* **Task goal**: Please copy out the lines in the entries that contain "screen".
*** Listed entries Section Begins ***
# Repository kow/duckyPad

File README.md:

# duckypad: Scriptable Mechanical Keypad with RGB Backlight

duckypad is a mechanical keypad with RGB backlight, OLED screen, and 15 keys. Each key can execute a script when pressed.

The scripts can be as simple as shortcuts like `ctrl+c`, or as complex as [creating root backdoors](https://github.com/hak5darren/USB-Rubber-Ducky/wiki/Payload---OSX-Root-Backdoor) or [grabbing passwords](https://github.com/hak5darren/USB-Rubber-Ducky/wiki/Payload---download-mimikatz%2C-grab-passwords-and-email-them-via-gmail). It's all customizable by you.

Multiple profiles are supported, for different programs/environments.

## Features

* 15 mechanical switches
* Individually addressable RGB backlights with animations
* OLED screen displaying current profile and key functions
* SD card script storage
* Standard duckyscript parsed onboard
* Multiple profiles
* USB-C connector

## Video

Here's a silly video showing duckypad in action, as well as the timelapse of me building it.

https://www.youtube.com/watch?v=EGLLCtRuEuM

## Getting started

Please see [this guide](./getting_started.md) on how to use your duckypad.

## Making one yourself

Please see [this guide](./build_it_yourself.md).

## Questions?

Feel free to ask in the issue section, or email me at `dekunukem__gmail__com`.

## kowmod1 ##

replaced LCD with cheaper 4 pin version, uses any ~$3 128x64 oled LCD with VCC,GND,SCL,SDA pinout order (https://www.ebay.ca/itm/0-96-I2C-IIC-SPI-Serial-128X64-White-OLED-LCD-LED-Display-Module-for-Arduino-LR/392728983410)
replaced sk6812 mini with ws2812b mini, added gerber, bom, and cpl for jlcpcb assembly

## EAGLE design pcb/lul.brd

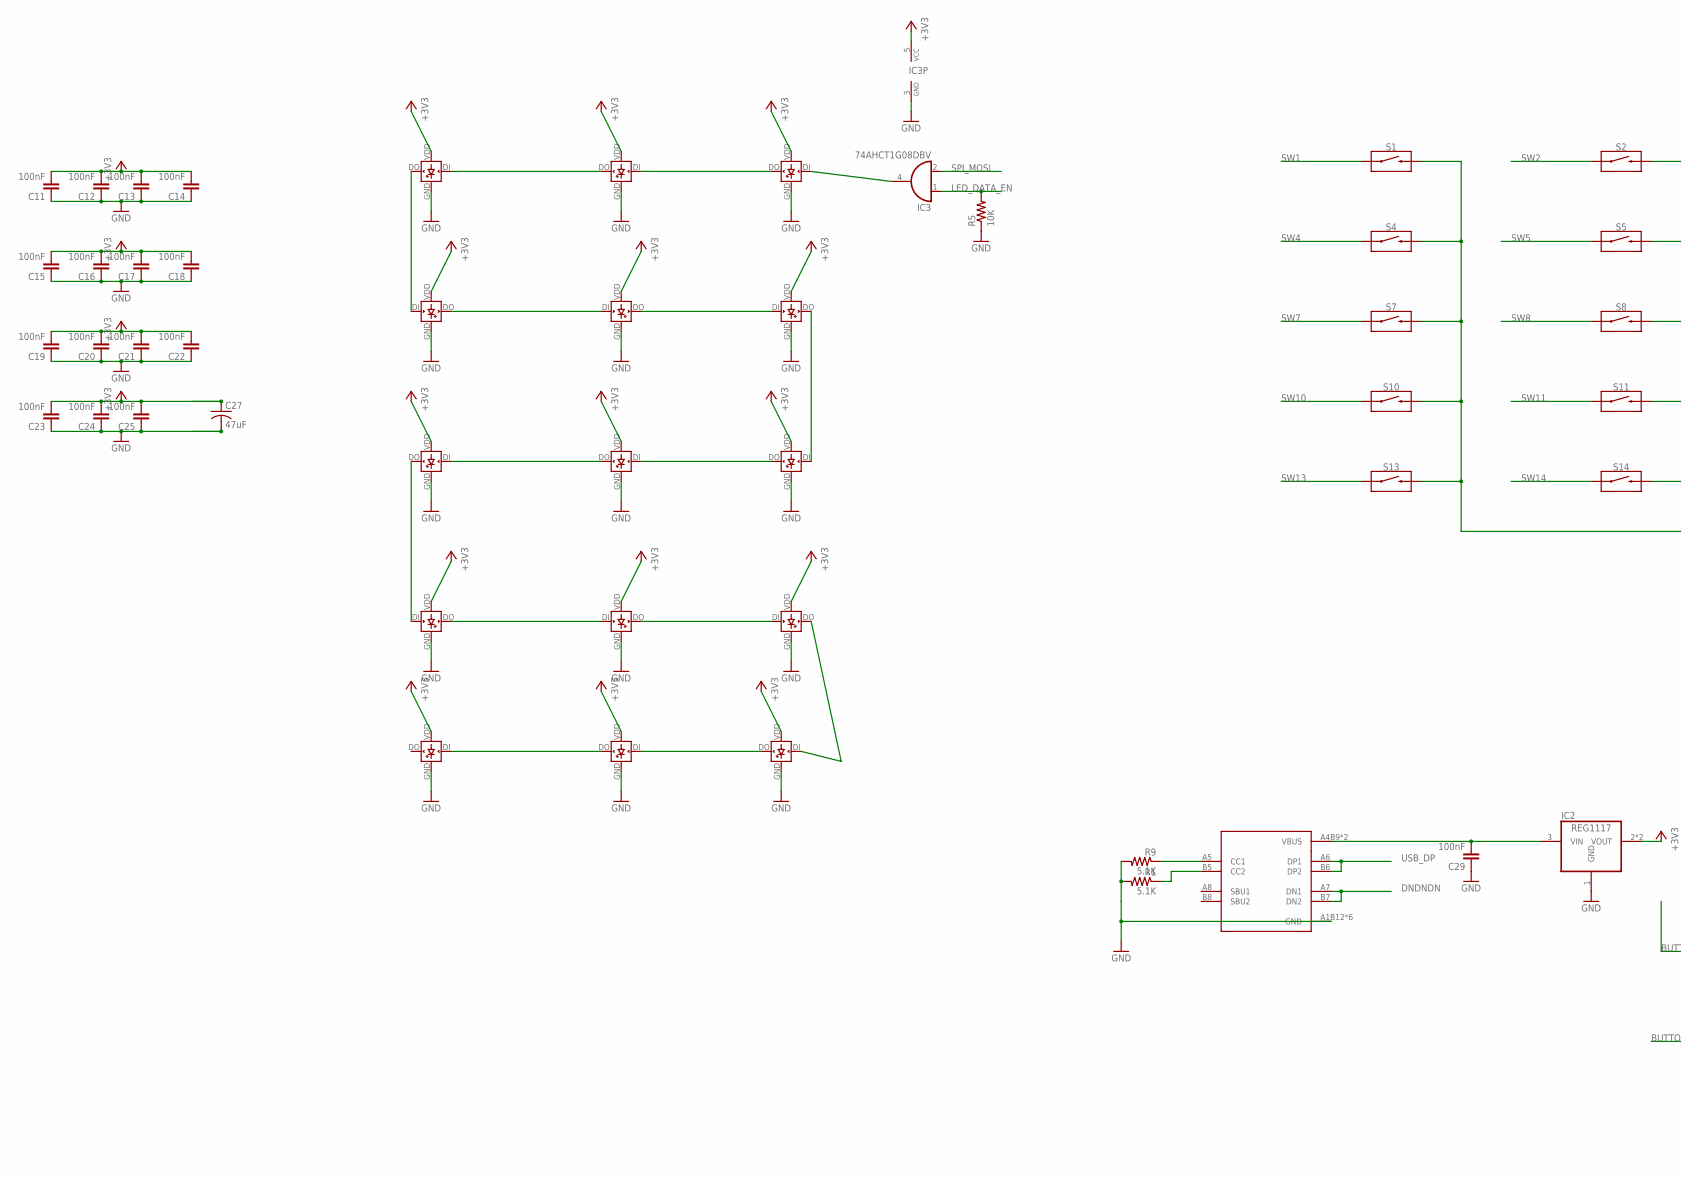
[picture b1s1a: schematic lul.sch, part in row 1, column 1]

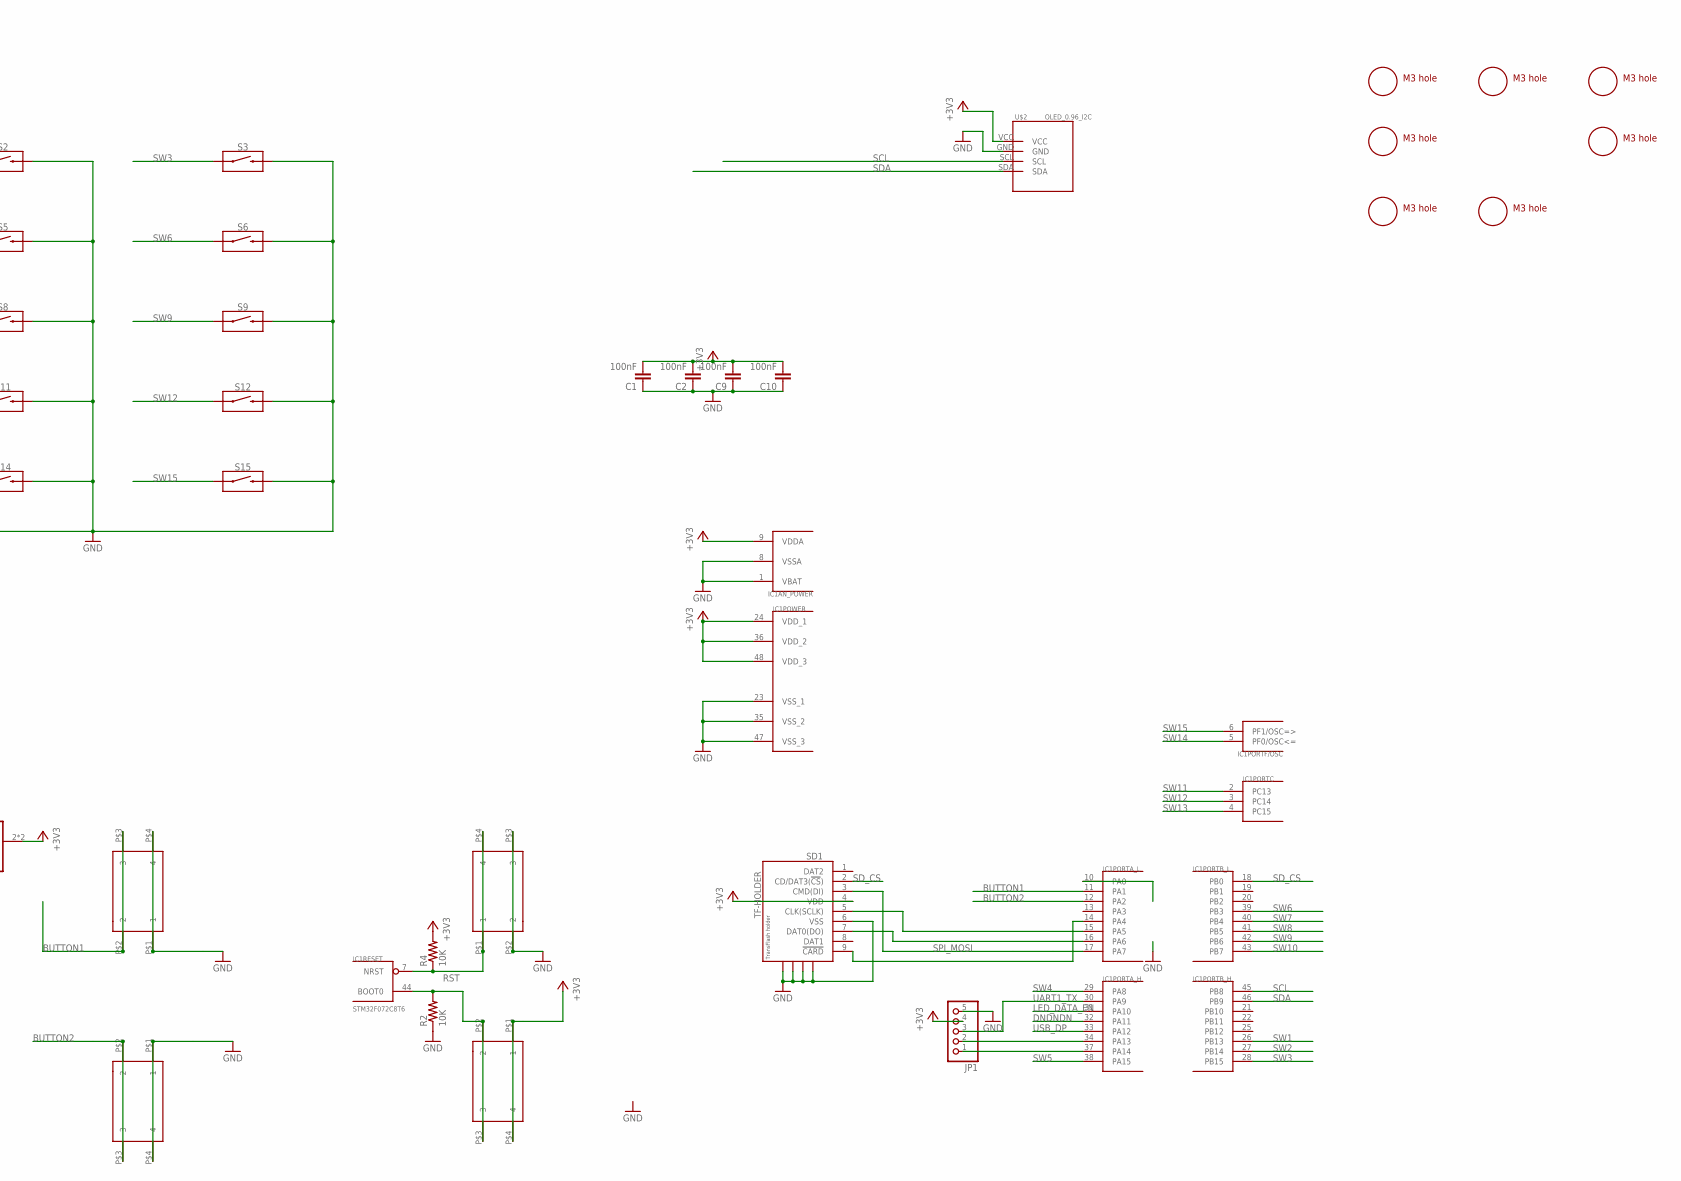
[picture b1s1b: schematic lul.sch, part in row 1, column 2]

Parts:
C1, C2, C9, C10, C11, C12, C13, C14, C15, C16, C17, C18, C19, C20, C21, C22, C23, C24, C25, C29: 100nF; 0805@1
C27: 47uF; C1210
IC1: STM32F072C8T6; TQFP48
IC2: REG1117; SOT223
IC3: 74AHCT1G08DBV; SOT23-5
JP1: PINHD-1X5; 1X05
LED1, LED2, LED3, LED4, LED5, LED6, LED7, LED8, LED9, LED10, LED11, LED12, LED13, LED14, LED15: WS2812B-MINI
R1, R9: 5.1K; 0805
R2, R4, R5: 10K; 0805
S1, S2, S3, S4, S5, S6, S7, S8, S9, S10, S11, S12, S13, S14, S15: CHERRY-MX-LED
SD1: TF-HOLDER; TF-PULL
SW1, SW2, SW3, SW4: 324_SW324_SWITCH_FOOT_HOLE; 342_SWICH_FOOT_HOLE
U2: USBC_16P; USBC_16P_FOOT
U$2: OLED_0.96_I2C
U$7, U$9, U$10, U$11, U$14, U$15, U$16: M3_MOUNTING_HOLE; M3_MOUNTING_HOLE_PACK

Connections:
+3V3: C1.2, C2.2, C9.2, C10.2, C11.2, C12.2, C13.2, C14.2, C15.2, C16.2, C17.2, C18.2, C19.2, C20.2, C21.2, C22.2, C23.2, C24.2, C25.2, C27.1, IC1.9 (VDDA), IC1.24 (VDD_1), IC1.36 (VDD_2), IC1.48 (VDD_3), IC2.2 (VOUT), IC2.4 (VOUT), IC3.5 (VCC), JP1.4, LED1.VDD, LED2.VDD, LED3.VDD, LED4.VDD, LED5.VDD, LED6.VDD, LED7.VDD, LED8.VDD, LED9.VDD, LED10.VDD, LED11.VDD, LED12.VDD, LED13.VDD, LED14.VDD, LED15.VDD, R4.2, SD1.4 (VDD), SW1.P$1 (1), SW1.P$4 (4), U$2.VCC
BUTTON1: IC1.11 (PA1), SW3.P$2 (2), SW3.P$3 (3)
BUTTON2: IC1.12 (PA2), SW4.P$2 (2), SW4.P$3 (3)
DNDNDN: IC1.32 (PA11), U2.A7 (DN1), U2.B7 (DN2)
GND: C1.1, C2.1, C9.1, C10.1, C11.1, C12.1, C13.1, C14.1, C15.1, C16.1, C17.1, C18.1, C19.1, C20.1, C21.1, C22.1, C23.1, C24.1, C25.1, C27.2, C29.1, IC1.1 (VBAT), IC1.8 (VSSA), IC1.23 (VSS_1), IC1.35 (VSS_2), IC1.47 (VSS_3), IC2.1 (GND), IC3.3 (GND), JP1.5, LED1.GND, LED2.GND, LED3.GND, LED4.GND, LED5.GND, LED6.GND, LED7.GND, LED8.GND, LED9.GND, LED10.GND, LED11.GND, LED12.GND, LED13.GND, LED14.GND, LED15.GND, R1.2, R2.1, R5.1, R9.2, S1.S2, S2.S2, S3.S2, S4.S2, S5.S2, S6.S2, S7.S2, S8.S2, S9.S2, S10.S2, S11.S2, S12.S2, S13.S2, S14.S2, S15.S2, SD1.6 (VSS), SD1.S1, SD1.S2, SD1.S3, SD1.S4, SW2.P$2 (2), SW2.P$3 (3), SW3.P$1 (1), SW3.P$4 (4), SW4.P$1 (1), SW4.P$4 (4), U2.A1B12 (GND), U2.B11A12 (GND), U2.P$13 (GND), U2.P$14 (GND), U2.P$15 (GND), U2.P$16 (GND), U$2.GND
LED_DATA_EN: IC1.31 (PA10), IC3.1 (I0), R5.2
unnamed: C29.2, IC2.3 (VIN), U2.A4B9 (VBUS), U2.B4A9 (VBUS)
unnamed: IC1.44 (BOOT0), R2.2, SW1.P$2 (2), SW1.P$3 (3)
unnamed: IC1.15 (PA5), SD1.5 (CLK(SCLK))
unnamed: LED2.DI (DIN), LED3.DO (DOUT)
unnamed: IC1.16 (PA6), SD1.7 (DAT0(DO))
unnamed: IC1.14 (PA4), SD1.9 (!CARD)
unnamed: LED1.DI (DIN), LED2.DO (DOUT)
unnamed: LED1.DO (DOUT), LED4.DI (DIN)
unnamed: LED4.DO (DOUT), LED5.DI (DIN)
unnamed: LED5.DO (DOUT), LED6.DI (DIN)
unnamed: LED6.DO (DOUT), LED9.DI (DIN)
unnamed: LED8.DI (DIN), LED9.DO (DOUT)
unnamed: LED7.DI (DIN), LED8.DO (DOUT)
unnamed: LED7.DO (DOUT), LED10.DI (DIN)
unnamed: LED10.DO (DOUT), LED11.DI (DIN)
unnamed: LED11.DO (DOUT), LED12.DI (DIN)
unnamed: LED12.DO (DOUT), LED15.DI (DIN)
unnamed: LED14.DI (DIN), LED15.DO (DOUT)
unnamed: LED13.DI (DIN), LED14.DO (DOUT)
unnamed: IC3.4 (O), LED3.DI (DIN)
unnamed: R1.1, U2.B5 (CC2)
unnamed: IC1.37 (PA14), JP1.1
unnamed: R9.1, U2.A5 (CC1)
unnamed: IC1.34 (PA13), JP1.2
OLED_RESET: IC1.10 (PA0)
RST: IC1.7 (NRST), R4.1, SW2.P$1 (1), SW2.P$4 (4)
SCL: IC1.45 (PB8), U$2.SCL
SDA: IC1.46 (PB9), U$2.SDA
SD_CS: IC1.18 (PB0), SD1.2 (CD/DAT3(!CS!))
SPI_MOSI: IC1.17 (PA7), IC3.2 (I1), SD1.3 (CMD(DI))
SW1: IC1.26 (PB13), S1.S1
SW2: IC1.27 (PB14), S2.S1
SW3: IC1.28 (PB15), S3.S1
SW4: IC1.29 (PA8), S4.S1
SW5: IC1.38 (PA15), S5.S1
SW6: IC1.39 (PB3), S6.S1
SW7: IC1.40 (PB4), S7.S1
SW8: IC1.41 (PB5), S8.S1
SW9: IC1.42 (PB6), S9.S1
SW10: IC1.43 (PB7), S10.S1
SW11: IC1.2 (PC13), S11.S1
SW12: IC1.3 (PC14), S12.S1
SW13: IC1.4 (PC15), S13.S1
SW14: IC1.5 (PF0/OSC<=), S14.S1
SW15: IC1.6 (PF1/OSC=>), S15.S1
UART1_TX: IC1.30 (PA9), JP1.3
USB_DP: IC1.33 (PA12), U2.A6 (DP1), U2.B6 (DP2)

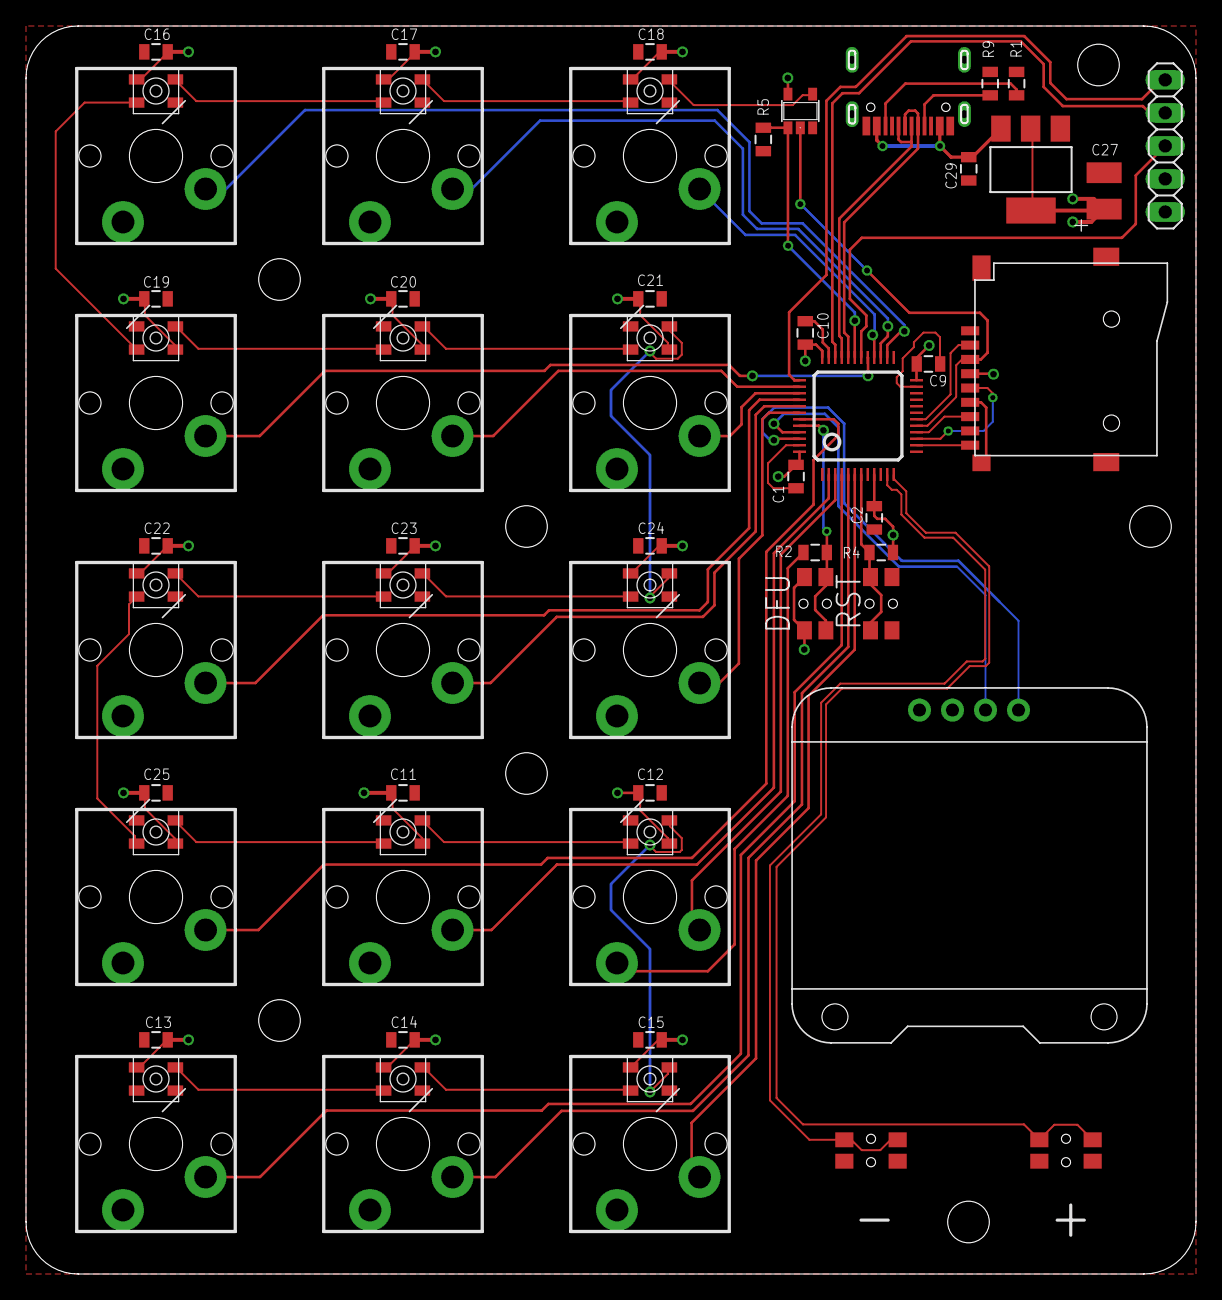
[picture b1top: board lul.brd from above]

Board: 2 copper layers, 90.0 x 96.0 mm, 74 parts (0 on the bottom side), 52 nets.

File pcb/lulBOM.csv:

Comment,Designator,Footprint,LCSC Part #(optional)
100nF,"C1,C2,C9,C10,C11,C12,C13,C14,C15,C16,C17,C18,C19,C20,C21,C22,C23,C24,C25,C29",0805@1,C49678
47uF,"C27",C1210,C77101
STM32F072C8T6,"IC1",TQFP48,C80488
REG1117,"IC2",SOT223,C6186
74AHCT1G08DBV,"IC3",SOT23-5,C113521
WS2812B-MINI,"LED1,LED2,LED3,LED4,LED5,LED6,LED7,LED8,LED9,LED10,LED11,LED12,LED13,LED14,LED15",WS2812B-MINI,C114583
5.1K,"R1,R9",0805,C27834
10K,"R2,R4,R5",0805,C17414
TF-HOLDER,"SD1",TF-PULL,C111196
324_SW324_SWITCH_FOOT_HOLE,"SW1,SW2,SW3,SW4",342_SWICH_FOOT_HOLE,C115360
USBC_16P,"U2",USBC_16P_FOOT,C393939

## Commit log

2020-03-24 simpler version for jlcpcb assembly
*** Listed entries Section Ends ***
* **Response below**:
duckypad is a mechanical keypad with RGB backlight, OLED screen, and 15 keys. Each key can execute a script when pressed.
* OLED screen displaying current profile and key functions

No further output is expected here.